Here we generalize Classic Memory Maps.
We abstract a general pattern that spans classic maps and a few other real and proposed mapping architectures, such as Page Table Structures For Fine-Grain Virtual Memory and Power PC.
All of these schemes are compatible with the TLB idea from the classic design.
We will thus ignore the TLB here.
These general patterns also cover the semantics of Keykos segment which are exposed to some Keykos applications.
Mapping a virtual address to a physical address proceeds in several sequentially dependent steps which are somewhat like each other.
Between steps there is a goal and a concomitant state of the hardware that consults the mapping tables; we describe that goal and state here.
The state includes:
- An address Addr under consideration.
Addr is commonly part of the original virtual address, but not always.
It may be larger than any virtual address.
- The address TA of the next table to be used to further process this translation.
TA may be real or virtual as in virtual linear page tables.
- There is an optional permission state that indicates whether a write operation to the original address is to be allowed.
- There are other optional states that determine data cache strategy.
- There is a level counter or other finite state set S which prevents infinite recursion or otherwise governs behavior.

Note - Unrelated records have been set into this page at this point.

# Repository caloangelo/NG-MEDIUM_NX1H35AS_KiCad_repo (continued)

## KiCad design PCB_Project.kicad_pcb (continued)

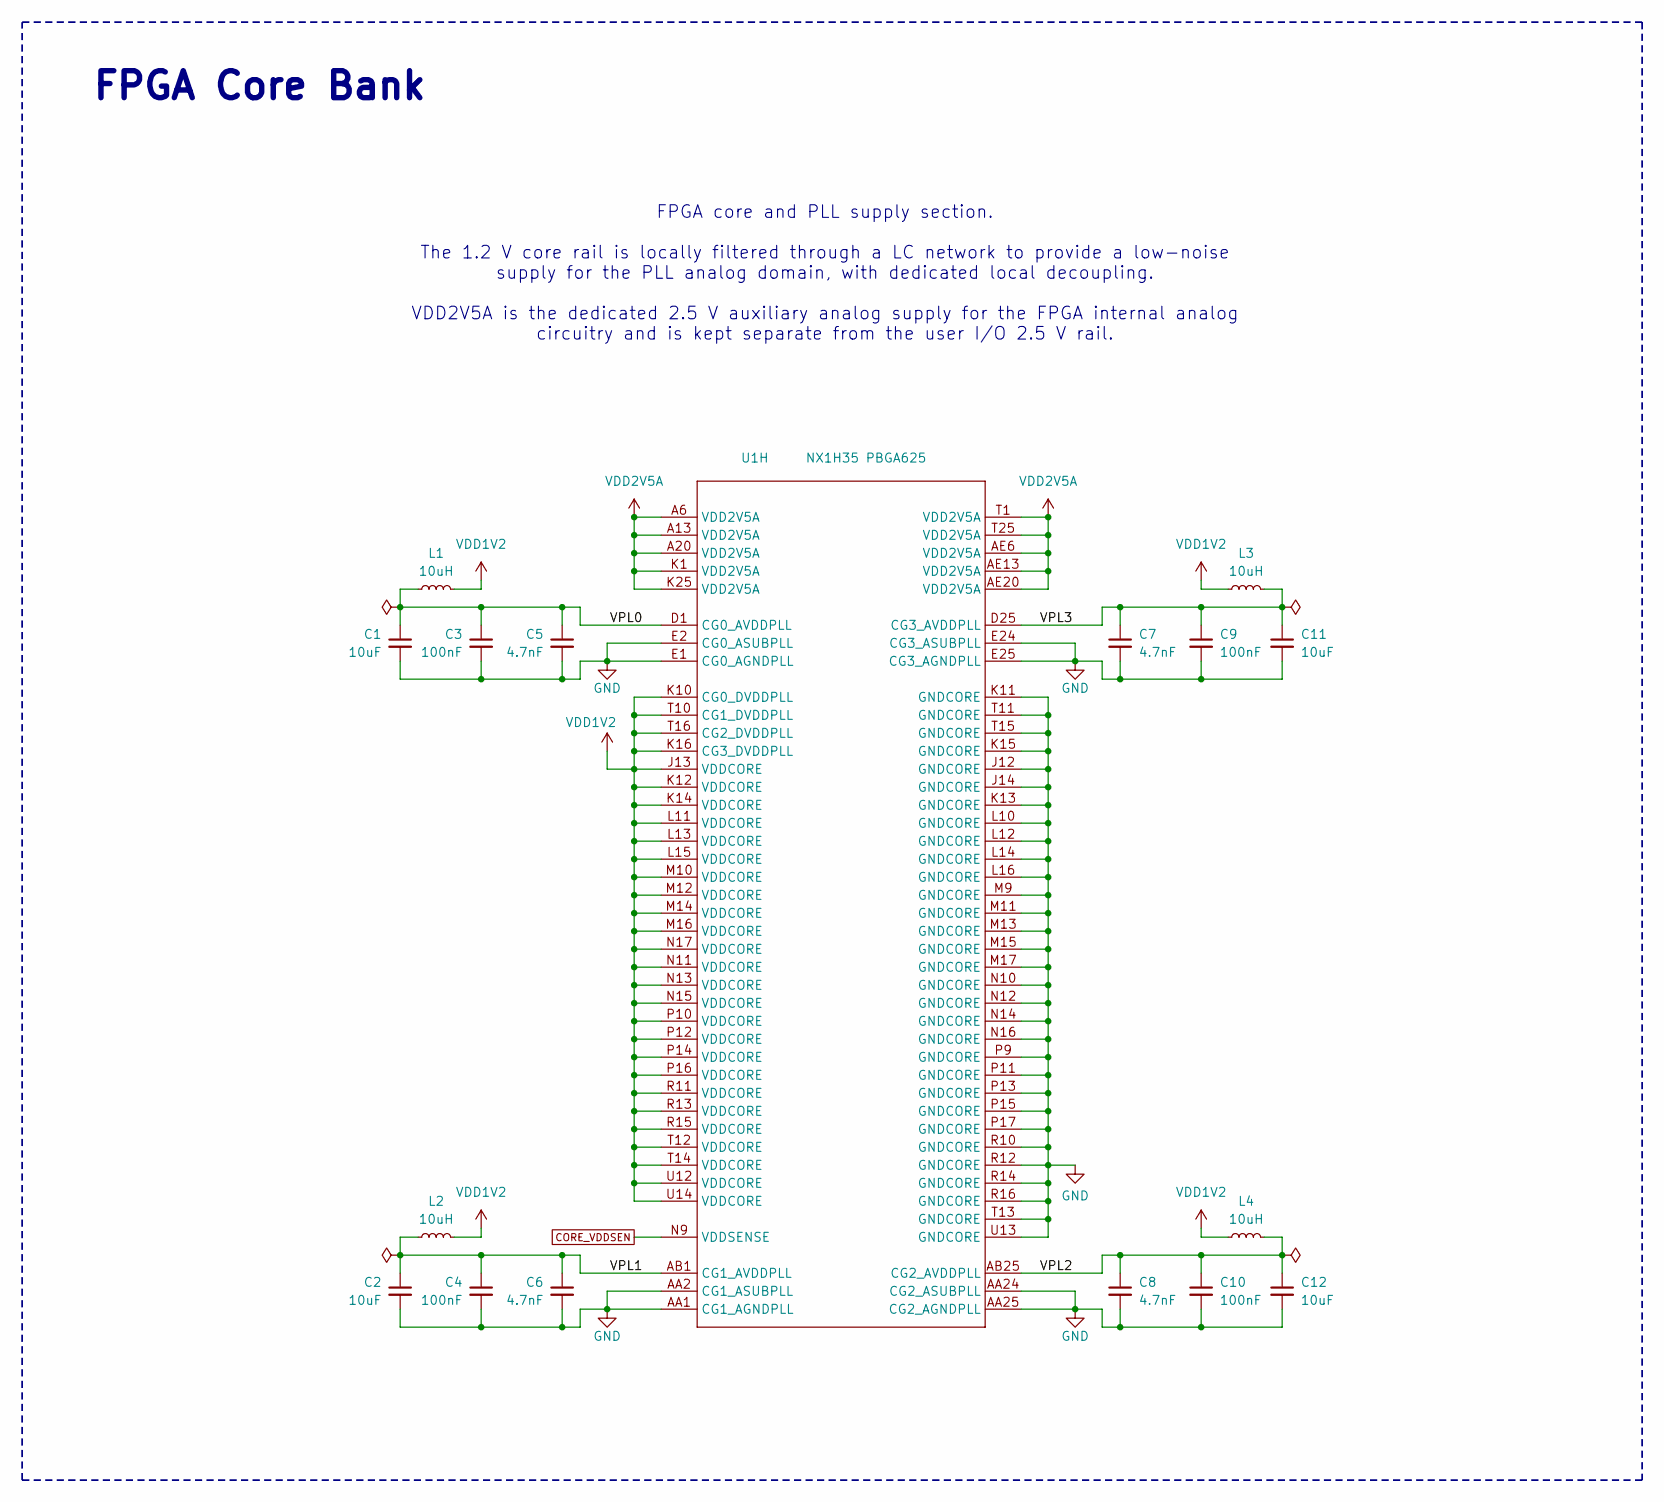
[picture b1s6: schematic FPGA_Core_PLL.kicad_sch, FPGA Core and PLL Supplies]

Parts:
C1, C2, C11, C12: 10uF; C_0603_1608Metric_Pad1.08x0.95mm_HandSolder
C3, C4, C9, C10: 100nF; C_0402_1005Metric_Pad0.74x0.62mm_HandSolder
C5, C6, C7, C8: 4.7nF; C_0402_1005Metric_Pad0.74x0.62mm_HandSolder
L1, L2, L3, L4: 10uH; L_0603_1608Metric_Pad1.05x0.95mm_HandSolder
U1: NX1H35 PBGA625; NX1H35S_CLGA625

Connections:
/FPGA_Core_PLL/VPL0: C1.1, C3.1, C5.1, L1.2, U1.D1 (CG0_AVDDPLL)
/FPGA_Core_PLL/VPL1: C2.1, C4.1, C6.1, L2.2, U1.AB1 (CG1_AVDDPLL)
/FPGA_Core_PLL/VPL2: C8.1, C10.1, C12.1, L4.2, U1.AB25 (CG2_AVDDPLL)
/FPGA_Core_PLL/VPL3: C7.1, C9.1, C11.1, L3.2, U1.D25 (CG3_AVDDPLL)
CORE_VDDSEN: U1.N9 (VDDSENSE); also elsewhere on the board
GND: C1.2, C2.2, C3.2, C4.2, C5.2, C6.2, C7.2, C8.2, C9.2, C10.2, C11.2, C12.2, U1.AA1 (CG1_AGNDPLL), U1.AA2 (CG1_ASUBPLL), U1.AA24 (CG2_ASUBPLL), U1.AA25 (CG2_AGNDPLL), U1.E1 (CG0_AGNDPLL), U1.E2 (CG0_ASUBPLL), U1.E24 (CG3_ASUBPLL), U1.E25 (CG3_AGNDPLL), U1.J12 (GNDCORE), U1.J14 (GNDCORE), U1.K11 (GNDCORE), U1.K13 (GNDCORE), U1.K15 (GNDCORE), U1.L10 (GNDCORE), U1.L12 (GNDCORE), U1.L14 (GNDCORE), U1.L16 (GNDCORE), U1.M9 (GNDCORE), U1.M11 (GNDCORE), U1.M13 (GNDCORE), U1.M15 (GNDCORE), U1.M17 (GNDCORE), U1.N10 (GNDCORE), U1.N12 (GNDCORE), U1.N14 (GNDCORE), U1.N16 (GNDCORE), U1.P9 (GNDCORE), U1.P11 (GNDCORE), U1.P13 (GNDCORE), U1.P15 (GNDCORE), U1.P17 (GNDCORE), U1.R10 (GNDCORE), U1.R12 (GNDCORE), U1.R14 (GNDCORE), U1.R16 (GNDCORE), U1.T11 (GNDCORE), U1.T13 (GNDCORE), U1.T15 (GNDCORE), U1.U13 (GNDCORE); also elsewhere on the board
VDD1V2: L1.1, L2.1, L3.1, L4.1, U1.J13 (VDDCORE), U1.K10 (CG0_DVDDPLL), U1.K12 (VDDCORE), U1.K14 (VDDCORE), U1.K16 (CG3_DVDDPLL), U1.L11 (VDDCORE), U1.L13 (VDDCORE), U1.L15 (VDDCORE), U1.M10 (VDDCORE), U1.M12 (VDDCORE), U1.M14 (VDDCORE), U1.M16 (VDDCORE), U1.N11 (VDDCORE), U1.N13 (VDDCORE), U1.N15 (VDDCORE), U1.N17 (VDDCORE), U1.P10 (VDDCORE), U1.P12 (VDDCORE), U1.P14 (VDDCORE), U1.P16 (VDDCORE), U1.R11 (VDDCORE), U1.R13 (VDDCORE), U1.R15 (VDDCORE), U1.T10 (CG1_DVDDPLL), U1.T12 (VDDCORE), U1.T14 (VDDCORE), U1.T16 (CG2_DVDDPLL), U1.U12 (VDDCORE), U1.U14 (VDDCORE); also elsewhere on the board
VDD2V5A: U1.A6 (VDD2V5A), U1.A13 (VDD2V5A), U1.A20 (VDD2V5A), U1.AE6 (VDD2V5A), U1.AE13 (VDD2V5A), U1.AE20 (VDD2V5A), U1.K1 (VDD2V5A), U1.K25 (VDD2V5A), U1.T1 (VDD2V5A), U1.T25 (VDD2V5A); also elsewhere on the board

- An indication of just which contiguous bits from Addr will serve to index into the table TA to fetch the descriptor to process the next step of translation.
The table is generally an array of items usually called entries if they are simple, or descriptors if they are not.
The full translation begins with the following state:
Addr is produced by program logic and perhaps ASID from a privileged register.
TA is provided by a privileged register.
All permissions are present.
S is initialized according to its internal logic.
The initial bits to be used from Addr are determined from another privileged register.
(The 68K map is the only machine I know that implemented this.
It was useful.)
At each step:
- The map hardware selects the indicated bits from Addr and fetches the descriptor from table located by TA and indexed by the selected bits.
- Depending on bits from the descriptor parts of all of Addr are replaced.
- TA is replaced by a field from the descriptor.
Permissions are decreased by descriptor bits (or at least not increased).
- Indexing bits indication is from the descriptor.
- Fault conditions are specified in descriptor which may depend on translation state.
- End of translation steps may be specified.
After the last step TA becomes the real translation of the original virtual address.
In most systems it is required that the real address be valid and the behavior is unspecified otherwise.
Ramifications
This pattern leads to an external behavior where segments can be composed of other segments.
Each composition is defined by a descriptor.
This composition is recursive.
The kernel which spans the semantic gap may overcome limitations on the hardware segment size by concatinating smaller segments.
These patterns provide aliasing where a page or a span of pages (segment) may appear at once at different virtual addresses i the same or different address spaces.